DATA IN THIS EXERCISE.
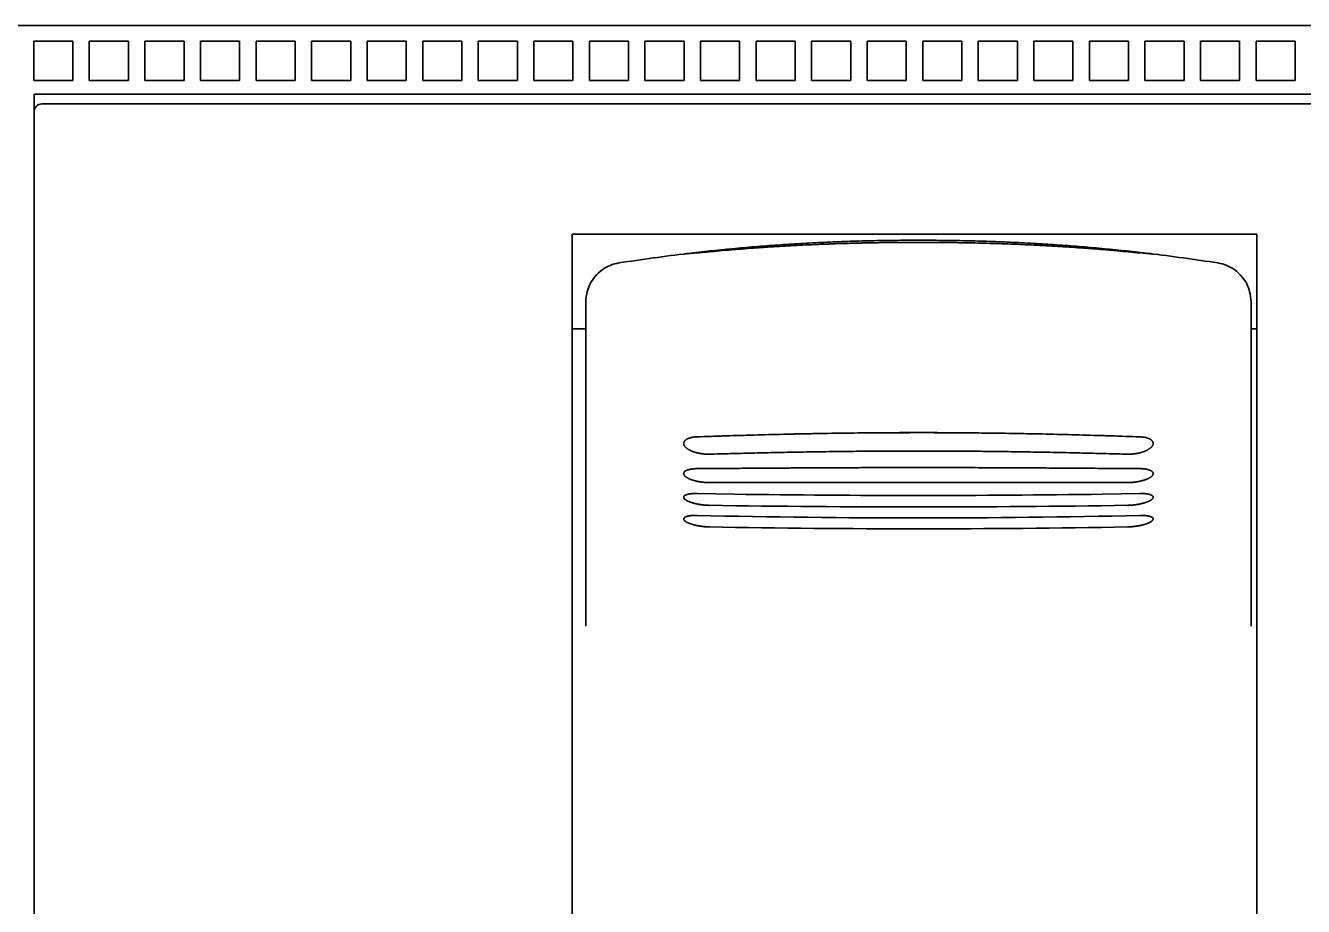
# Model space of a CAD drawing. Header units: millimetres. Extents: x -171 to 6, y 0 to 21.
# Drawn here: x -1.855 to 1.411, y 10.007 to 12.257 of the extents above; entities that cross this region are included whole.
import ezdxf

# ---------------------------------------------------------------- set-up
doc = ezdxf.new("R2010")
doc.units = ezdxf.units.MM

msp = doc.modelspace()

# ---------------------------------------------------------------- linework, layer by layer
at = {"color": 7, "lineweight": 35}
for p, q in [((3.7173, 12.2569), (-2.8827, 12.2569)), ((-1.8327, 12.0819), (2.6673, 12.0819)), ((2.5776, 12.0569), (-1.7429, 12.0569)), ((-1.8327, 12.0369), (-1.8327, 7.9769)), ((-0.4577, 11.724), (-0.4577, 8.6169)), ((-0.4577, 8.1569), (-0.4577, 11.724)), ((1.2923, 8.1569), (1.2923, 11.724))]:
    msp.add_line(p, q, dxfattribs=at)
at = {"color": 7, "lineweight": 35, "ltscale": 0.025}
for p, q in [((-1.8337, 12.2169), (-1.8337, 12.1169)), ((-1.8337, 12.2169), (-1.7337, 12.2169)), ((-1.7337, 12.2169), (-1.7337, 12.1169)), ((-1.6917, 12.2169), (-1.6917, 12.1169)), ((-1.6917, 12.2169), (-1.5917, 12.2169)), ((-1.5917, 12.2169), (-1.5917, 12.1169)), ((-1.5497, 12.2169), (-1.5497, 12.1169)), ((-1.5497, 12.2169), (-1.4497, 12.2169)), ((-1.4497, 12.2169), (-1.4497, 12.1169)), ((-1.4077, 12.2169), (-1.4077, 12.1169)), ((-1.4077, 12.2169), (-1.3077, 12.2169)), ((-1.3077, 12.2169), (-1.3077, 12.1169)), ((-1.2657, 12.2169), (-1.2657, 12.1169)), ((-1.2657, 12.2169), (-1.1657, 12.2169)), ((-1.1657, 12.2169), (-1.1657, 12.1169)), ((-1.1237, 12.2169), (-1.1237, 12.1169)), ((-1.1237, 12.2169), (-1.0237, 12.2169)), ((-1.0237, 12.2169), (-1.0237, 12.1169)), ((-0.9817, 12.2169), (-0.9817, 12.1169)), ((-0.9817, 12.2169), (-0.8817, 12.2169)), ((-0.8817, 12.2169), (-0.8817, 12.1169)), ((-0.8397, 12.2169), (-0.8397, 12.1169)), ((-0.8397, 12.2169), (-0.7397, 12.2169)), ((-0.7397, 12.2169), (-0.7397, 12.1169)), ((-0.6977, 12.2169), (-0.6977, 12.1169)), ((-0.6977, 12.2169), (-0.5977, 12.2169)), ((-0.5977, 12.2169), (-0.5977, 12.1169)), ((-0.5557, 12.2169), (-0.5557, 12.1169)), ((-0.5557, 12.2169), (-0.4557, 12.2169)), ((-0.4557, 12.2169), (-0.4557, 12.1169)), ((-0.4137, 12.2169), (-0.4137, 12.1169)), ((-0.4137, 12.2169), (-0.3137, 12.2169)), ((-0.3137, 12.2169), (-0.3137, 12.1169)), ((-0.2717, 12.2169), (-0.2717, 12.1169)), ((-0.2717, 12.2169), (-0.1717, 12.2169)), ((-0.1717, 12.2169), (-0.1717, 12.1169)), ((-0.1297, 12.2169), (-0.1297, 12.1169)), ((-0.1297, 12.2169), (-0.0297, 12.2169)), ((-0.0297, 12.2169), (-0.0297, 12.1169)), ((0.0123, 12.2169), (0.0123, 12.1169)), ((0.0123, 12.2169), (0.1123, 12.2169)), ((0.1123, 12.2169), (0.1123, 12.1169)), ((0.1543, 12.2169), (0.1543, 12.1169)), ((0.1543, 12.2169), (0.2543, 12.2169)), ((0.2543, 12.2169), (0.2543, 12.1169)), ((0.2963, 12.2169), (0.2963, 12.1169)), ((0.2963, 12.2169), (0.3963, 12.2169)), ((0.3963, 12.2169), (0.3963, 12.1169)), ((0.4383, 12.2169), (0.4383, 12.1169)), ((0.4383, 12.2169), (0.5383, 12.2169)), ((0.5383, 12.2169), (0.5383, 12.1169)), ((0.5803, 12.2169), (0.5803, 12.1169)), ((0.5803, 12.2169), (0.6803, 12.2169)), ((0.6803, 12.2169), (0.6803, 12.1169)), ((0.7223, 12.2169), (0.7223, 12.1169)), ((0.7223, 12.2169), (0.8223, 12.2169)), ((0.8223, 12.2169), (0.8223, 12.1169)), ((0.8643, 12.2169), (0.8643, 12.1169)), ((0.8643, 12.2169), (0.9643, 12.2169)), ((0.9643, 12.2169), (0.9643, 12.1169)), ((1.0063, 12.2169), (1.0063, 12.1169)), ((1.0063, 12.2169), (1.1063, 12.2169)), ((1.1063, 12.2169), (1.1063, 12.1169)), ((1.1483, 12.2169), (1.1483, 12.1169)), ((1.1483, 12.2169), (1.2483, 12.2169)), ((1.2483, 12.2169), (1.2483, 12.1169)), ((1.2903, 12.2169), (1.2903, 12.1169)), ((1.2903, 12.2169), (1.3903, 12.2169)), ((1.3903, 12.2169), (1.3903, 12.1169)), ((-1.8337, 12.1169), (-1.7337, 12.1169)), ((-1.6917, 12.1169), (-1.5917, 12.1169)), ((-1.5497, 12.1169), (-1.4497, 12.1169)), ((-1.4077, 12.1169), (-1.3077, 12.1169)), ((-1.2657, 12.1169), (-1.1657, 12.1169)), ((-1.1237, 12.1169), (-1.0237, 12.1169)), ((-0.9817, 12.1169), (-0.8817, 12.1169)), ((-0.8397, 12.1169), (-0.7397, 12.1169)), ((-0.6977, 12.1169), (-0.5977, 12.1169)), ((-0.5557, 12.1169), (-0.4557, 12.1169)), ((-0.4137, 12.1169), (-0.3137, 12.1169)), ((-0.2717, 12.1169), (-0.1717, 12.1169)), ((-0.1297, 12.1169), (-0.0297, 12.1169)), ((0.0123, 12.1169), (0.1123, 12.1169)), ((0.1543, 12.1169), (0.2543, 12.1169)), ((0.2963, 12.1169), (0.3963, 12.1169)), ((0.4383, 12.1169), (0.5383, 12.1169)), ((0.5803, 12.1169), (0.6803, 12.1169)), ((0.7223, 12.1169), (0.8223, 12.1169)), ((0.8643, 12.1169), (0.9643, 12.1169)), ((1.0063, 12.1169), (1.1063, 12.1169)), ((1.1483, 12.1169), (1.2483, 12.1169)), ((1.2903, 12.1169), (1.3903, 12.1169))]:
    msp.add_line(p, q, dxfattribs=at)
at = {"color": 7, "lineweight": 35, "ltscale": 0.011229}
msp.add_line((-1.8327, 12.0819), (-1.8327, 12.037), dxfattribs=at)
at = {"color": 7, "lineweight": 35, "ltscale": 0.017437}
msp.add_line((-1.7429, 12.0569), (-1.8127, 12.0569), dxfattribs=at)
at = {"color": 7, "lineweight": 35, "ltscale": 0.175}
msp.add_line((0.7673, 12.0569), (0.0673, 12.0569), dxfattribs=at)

TASK INSTRUCTIONS.
Which lines in the records above contain the string "lineweight"? Copy each one.

TASK RESPONSE.
at = {"color": 7, "lineweight": 35}
at = {"color": 7, "lineweight": 35, "ltscale": 0.025}
at = {"color": 7, "lineweight": 35, "ltscale": 0.011229}
at = {"color": 7, "lineweight": 35, "ltscale": 0.017437}
at = {"color": 7, "lineweight": 35, "ltscale": 0.175}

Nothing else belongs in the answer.